[[ EXERCISE INPUT, beginning ]]

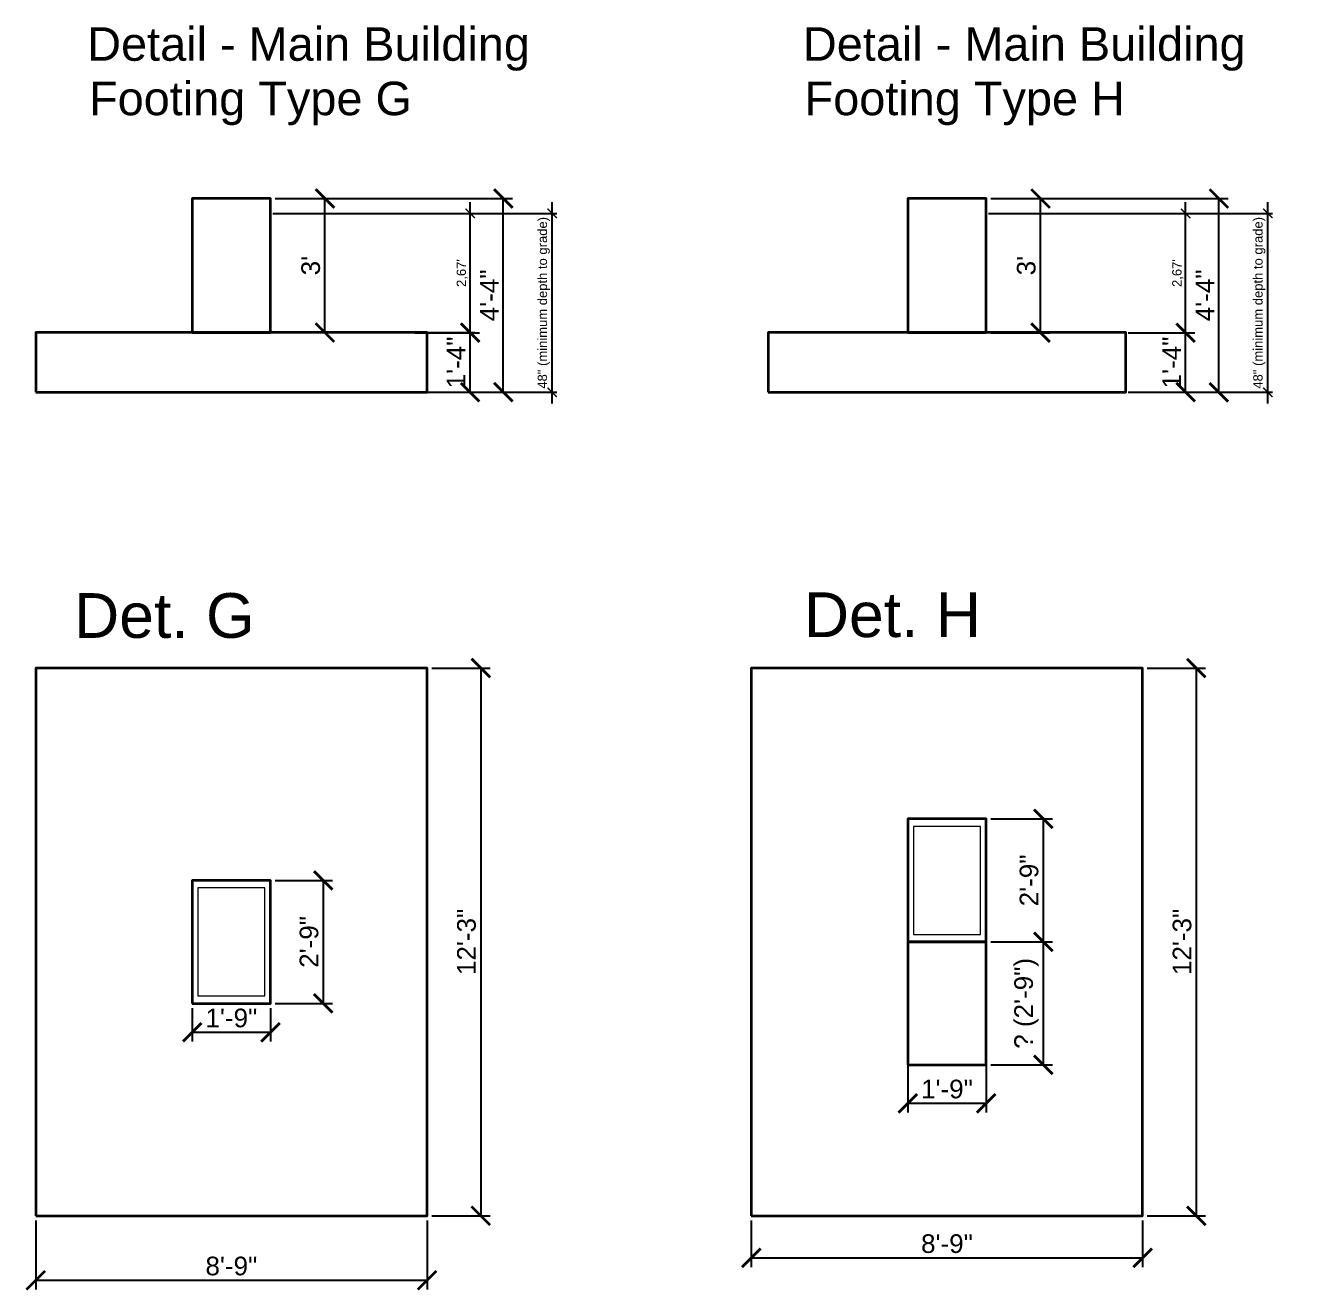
# Model space of a CAD drawing. Header units: millimetres. Extents: x -6 to 201520, y -744 to 120638.
# Drawn here: x 1922 to 2263.1, y 4259.4 to 4599 of the extents above; entities that cross this region are included whole.
import ezdxf

# ---------------------------------------------------------------- set-up
doc = ezdxf.new("R2010")
doc.units = ezdxf.units.MM
doc.layers.add('Dimension', color=130, linetype='Continuous', lineweight=18)
doc.layers.add('Structural', color=50, linetype='Continuous', lineweight=35)
doc.styles.get("Standard").update_dxf_attribs({"font": 'arial.ttf'})
doc.dimstyles.new('Feet Architectural Detail', dxfattribs={"dimscale": 2, "dimtxt": 2.5, "dimasz": 2.5, "dimexe": 1.25, "dimexo": 0.625, "dimtad": 1, "dimdec": 6, "dimlunit": 4, "dimtxsty": 'Standard', "dimblk": 'ARCHTICK', "dimcen": 2.5, "dimadec": 0, "dimazin": 0, "dimtfac": 0.5, "dimtdec": 6, "dimtmove": 0, "dimatfit": 3, "dimfxl": 1, "dimarcsym": 0})
doc.dimstyles.new('Feet Decimal Detail', dxfattribs={"dimtxt": 2.5, "dimasz": 2.5, "dimexe": 1.25, "dimexo": 0.625, "dimtad": 1, "dimlfac": 0.083333, "dimtxsty": 'Standard', "dimblk": 'ARCHTICK', "dimcen": 2.5, "dimdle": 3, "dimadec": 0, "dimazin": 0, "dimtfac": 0.5, "dimtmove": 0, "dimatfit": 3, "dimfxl": 1, "dimarcsym": 0})
doc.dimstyles.new('Inches Decimal', dxfattribs={"dimtxt": 2.5, "dimasz": 2.5, "dimexe": 1.25, "dimexo": 0.625, "dimtad": 1, "dimtxsty": 'Standard', "dimblk": 'ARCHTICK', "dimcen": 2.5, "dimdle": 3, "dimadec": 0, "dimazin": 0, "dimtfac": 0.5, "dimtmove": 0, "dimatfit": 3, "dimfxl": 1, "dimarcsym": 0})

# ---------------------------------------------------------------- blocks, each defined once
blk = doc.blocks.new('_ArchTick')
at = {"color": 0, "linetype": 'ByBlock', "const_width": 0.15}
blk.add_lwpolyline([(-0.5, -0.5), (0.5, 0.5)], dxfattribs=at)
blk = doc.blocks.new('*D48')
at = {"layer": 'Defpoints', "color": 0, "transparency": 16777216}
for p in [(2029.75, 4426.51), (2029.75, 4279.51), (2044.16, 4279.51)]:
    blk.add_point(p, dxfattribs=at)
at = {"layer": 'Dimension', "color": 0, "lineweight": -2, "transparency": 16777216}
for p, q in [((2031, 4426.51), (2046.66, 4426.51)), ((2044.16, 4426.51), (2044.16, 4279.51)), ((2031, 4279.51), (2046.66, 4279.51))]:
    blk.add_line(p, q, dxfattribs=at)
at = {"layer": 'Dimension', "color": 0, "lineweight": -2, "transparency": 16777216, "xscale": 5, "yscale": 5, "zscale": 5}
for p, rotation in [((2044.16, 4426.51), 90), ((2044.16, 4279.51), 270)]:
    blk.add_blockref('_ArchTick', p, dxfattribs=dict(at, rotation=rotation))
at = {"layer": 'Dimension', "color": 0, "transparency": 16777216, "insert": (2040.35, 4353.01), "char_height": 5, "attachment_point": 5, "rotation": 90}
blk.add_mtext('12\'-3"', dxfattribs=at)
blk = doc.blocks.new('*D49')
at = {"layer": 'Defpoints', "color": 0, "transparency": 16777216}
for p in [(1924.75, 4279.51), (2029.75, 4279.51), (2029.75, 4262.2)]:
    blk.add_point(p, dxfattribs=at)
at = {"layer": 'Dimension', "color": 0, "lineweight": -2, "transparency": 16777216}
for p, q in [((1924.75, 4278.26), (1924.75, 4259.7)), ((2029.75, 4278.26), (2029.75, 4259.7)), ((1924.75, 4262.2), (2029.75, 4262.2))]:
    blk.add_line(p, q, dxfattribs=at)
at = {"layer": 'Dimension', "color": 0, "lineweight": -2, "transparency": 16777216, "xscale": 5, "yscale": 5, "zscale": 5, "rotation": 180}
blk.add_blockref('_ArchTick', (1924.75, 4262.2), dxfattribs=at)
at = {"layer": 'Dimension', "color": 0, "lineweight": -2, "transparency": 16777216, "xscale": 5, "yscale": 5, "zscale": 5}
blk.add_blockref('_ArchTick', (2029.75, 4262.2), dxfattribs=at)
at = {"layer": 'Dimension', "color": 0, "transparency": 16777216, "insert": (1977.25, 4266), "char_height": 5, "attachment_point": 5}
blk.add_mtext('8\'-9"', dxfattribs=at)
blk = doc.blocks.new('*D50')
at = {"layer": 'Defpoints', "color": 0, "transparency": 16777216}
for p in [(1966.75, 4336.51), (1987.75, 4336.51), (1987.75, 4328.76)]:
    blk.add_point(p, dxfattribs=at)
at = {"layer": 'Dimension', "color": 0, "lineweight": -2, "transparency": 16777216}
for p, q in [((1966.75, 4335.26), (1966.75, 4326.26)), ((1987.75, 4335.26), (1987.75, 4326.26)), ((1966.75, 4328.76), (1987.75, 4328.76))]:
    blk.add_line(p, q, dxfattribs=at)
at = {"layer": 'Dimension', "color": 0, "lineweight": -2, "transparency": 16777216, "xscale": 5, "yscale": 5, "zscale": 5, "rotation": 180}
blk.add_blockref('_ArchTick', (1966.75, 4328.76), dxfattribs=at)
at = {"layer": 'Dimension', "color": 0, "lineweight": -2, "transparency": 16777216, "xscale": 5, "yscale": 5, "zscale": 5}
blk.add_blockref('_ArchTick', (1987.75, 4328.76), dxfattribs=at)
at = {"layer": 'Dimension', "color": 0, "transparency": 16777216, "insert": (1977.25, 4332.56), "char_height": 5, "attachment_point": 5}
blk.add_mtext('1\'-9"', dxfattribs=at)
blk = doc.blocks.new('*D51')
at = {"layer": 'Defpoints', "color": 0, "transparency": 16777216}
for p in [(1987.75, 4369.51), (1987.75, 4336.51), (2001.9, 4336.51)]:
    blk.add_point(p, dxfattribs=at)
at = {"layer": 'Dimension', "color": 0, "lineweight": -2, "transparency": 16777216}
for p, q in [((1989, 4369.51), (2004.4, 4369.51)), ((2001.9, 4369.51), (2001.9, 4336.51)), ((1989, 4336.51), (2004.4, 4336.51))]:
    blk.add_line(p, q, dxfattribs=at)
at = {"layer": 'Dimension', "color": 0, "lineweight": -2, "transparency": 16777216, "xscale": 5, "yscale": 5, "zscale": 5}
for p, rotation in [((2001.9, 4369.51), 90), ((2001.9, 4336.51), 270)]:
    blk.add_blockref('_ArchTick', p, dxfattribs=dict(at, rotation=rotation))
at = {"layer": 'Dimension', "color": 0, "transparency": 16777216, "insert": (1998.1, 4353.01), "char_height": 5, "attachment_point": 5, "rotation": 90}
blk.add_mtext('2\'-9"', dxfattribs=at)
blk = doc.blocks.new('*D52')
at = {"layer": 'Defpoints', "color": 0, "transparency": 16777216}
for p in [(2217.25, 4516.5), (2233.29, 4516.5), (2217.25, 4500.51)]:
    blk.add_point(p, dxfattribs=at)
at = {"layer": 'Dimension', "color": 0, "lineweight": -2, "transparency": 16777216}
for p, q in [((2218.5, 4516.5), (2235.79, 4516.5)), ((2233.29, 4500.51), (2233.29, 4516.5)), ((2218.5, 4500.51), (2235.79, 4500.51))]:
    blk.add_line(p, q, dxfattribs=at)
at = {"layer": 'Dimension', "color": 0, "lineweight": -2, "transparency": 16777216, "xscale": 5, "yscale": 5, "zscale": 5}
for p, rotation in [((2233.29, 4516.5), 90), ((2233.29, 4500.51), 270)]:
    blk.add_blockref('_ArchTick', p, dxfattribs=dict(at, rotation=rotation))
at = {"layer": 'Dimension', "color": 0, "transparency": 16777216, "insert": (2229.53, 4508.5), "char_height": 5, "attachment_point": 5, "rotation": 90}
blk.add_mtext('1\'-4"', dxfattribs=at)
blk = doc.blocks.new('*D53')
at = {"layer": 'Defpoints', "color": 0, "transparency": 16777216}
for p in [(2179.75, 4552.5), (2194.35, 4552.5), (2179.75, 4516.5)]:
    blk.add_point(p, dxfattribs=at)
at = {"layer": 'Dimension', "color": 0, "lineweight": -2, "transparency": 16777216}
for p, q in [((2181, 4552.5), (2196.85, 4552.5)), ((2194.35, 4516.5), (2194.35, 4552.5)), ((2181, 4516.5), (2196.85, 4516.5))]:
    blk.add_line(p, q, dxfattribs=at)
at = {"layer": 'Dimension', "color": 0, "lineweight": -2, "transparency": 16777216, "xscale": 5, "yscale": 5, "zscale": 5}
for p, rotation in [((2194.35, 4552.5), 90), ((2194.35, 4516.5), 270)]:
    blk.add_blockref('_ArchTick', p, dxfattribs=dict(at, rotation=rotation))
at = {"layer": 'Dimension', "color": 0, "transparency": 16777216, "insert": (2190.54, 4534.5), "char_height": 5, "attachment_point": 5, "rotation": 90}
blk.add_mtext("3'", dxfattribs=at)
blk = doc.blocks.new('*D54')
at = {"layer": 'Defpoints', "color": 0, "transparency": 16777216}
for p in [(2221.75, 4426.51), (2221.75, 4279.51), (2236.15, 4279.51)]:
    blk.add_point(p, dxfattribs=at)
at = {"layer": 'Dimension', "color": 0, "lineweight": -2, "transparency": 16777216}
for p, q in [((2223, 4426.51), (2238.65, 4426.51)), ((2236.15, 4426.51), (2236.15, 4279.51)), ((2223, 4279.51), (2238.65, 4279.51))]:
    blk.add_line(p, q, dxfattribs=at)
at = {"layer": 'Dimension', "color": 0, "lineweight": -2, "transparency": 16777216, "xscale": 5, "yscale": 5, "zscale": 5}
for p, rotation in [((2236.15, 4426.51), 90), ((2236.15, 4279.51), 270)]:
    blk.add_blockref('_ArchTick', p, dxfattribs=dict(at, rotation=rotation))
at = {"layer": 'Dimension', "color": 0, "transparency": 16777216, "insert": (2232.34, 4353.01), "char_height": 5, "attachment_point": 5, "rotation": 90}
blk.add_mtext('12\'-3"', dxfattribs=at)
blk = doc.blocks.new('*D55')
at = {"layer": 'Defpoints', "color": 0, "transparency": 16777216}
for p in [(2116.75, 4279.51), (2221.75, 4279.51), (2221.75, 4268.2)]:
    blk.add_point(p, dxfattribs=at)
at = {"layer": 'Dimension', "color": 0, "lineweight": -2, "transparency": 16777216}
for p, q in [((2116.75, 4278.26), (2116.75, 4265.7)), ((2221.75, 4278.26), (2221.75, 4265.7)), ((2116.75, 4268.2), (2221.75, 4268.2))]:
    blk.add_line(p, q, dxfattribs=at)
at = {"layer": 'Dimension', "color": 0, "lineweight": -2, "transparency": 16777216, "xscale": 5, "yscale": 5, "zscale": 5, "rotation": 180}
blk.add_blockref('_ArchTick', (2116.75, 4268.2), dxfattribs=at)
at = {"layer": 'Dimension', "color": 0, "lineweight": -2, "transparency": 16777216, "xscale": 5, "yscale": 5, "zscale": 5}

[[ EXERCISE INPUT, end ]]

ACTIVITY:
Return each line of the material above that holds the string "blocks".

ANSWER SPACE:
# ---------------------------------------------------------------- blocks, each defined once
blk = doc.blocks.new('_ArchTick')
blk = doc.blocks.new('*D48')
blk = doc.blocks.new('*D49')
blk = doc.blocks.new('*D50')
blk = doc.blocks.new('*D51')
blk = doc.blocks.new('*D52')
blk = doc.blocks.new('*D53')
blk = doc.blocks.new('*D54')
blk = doc.blocks.new('*D55')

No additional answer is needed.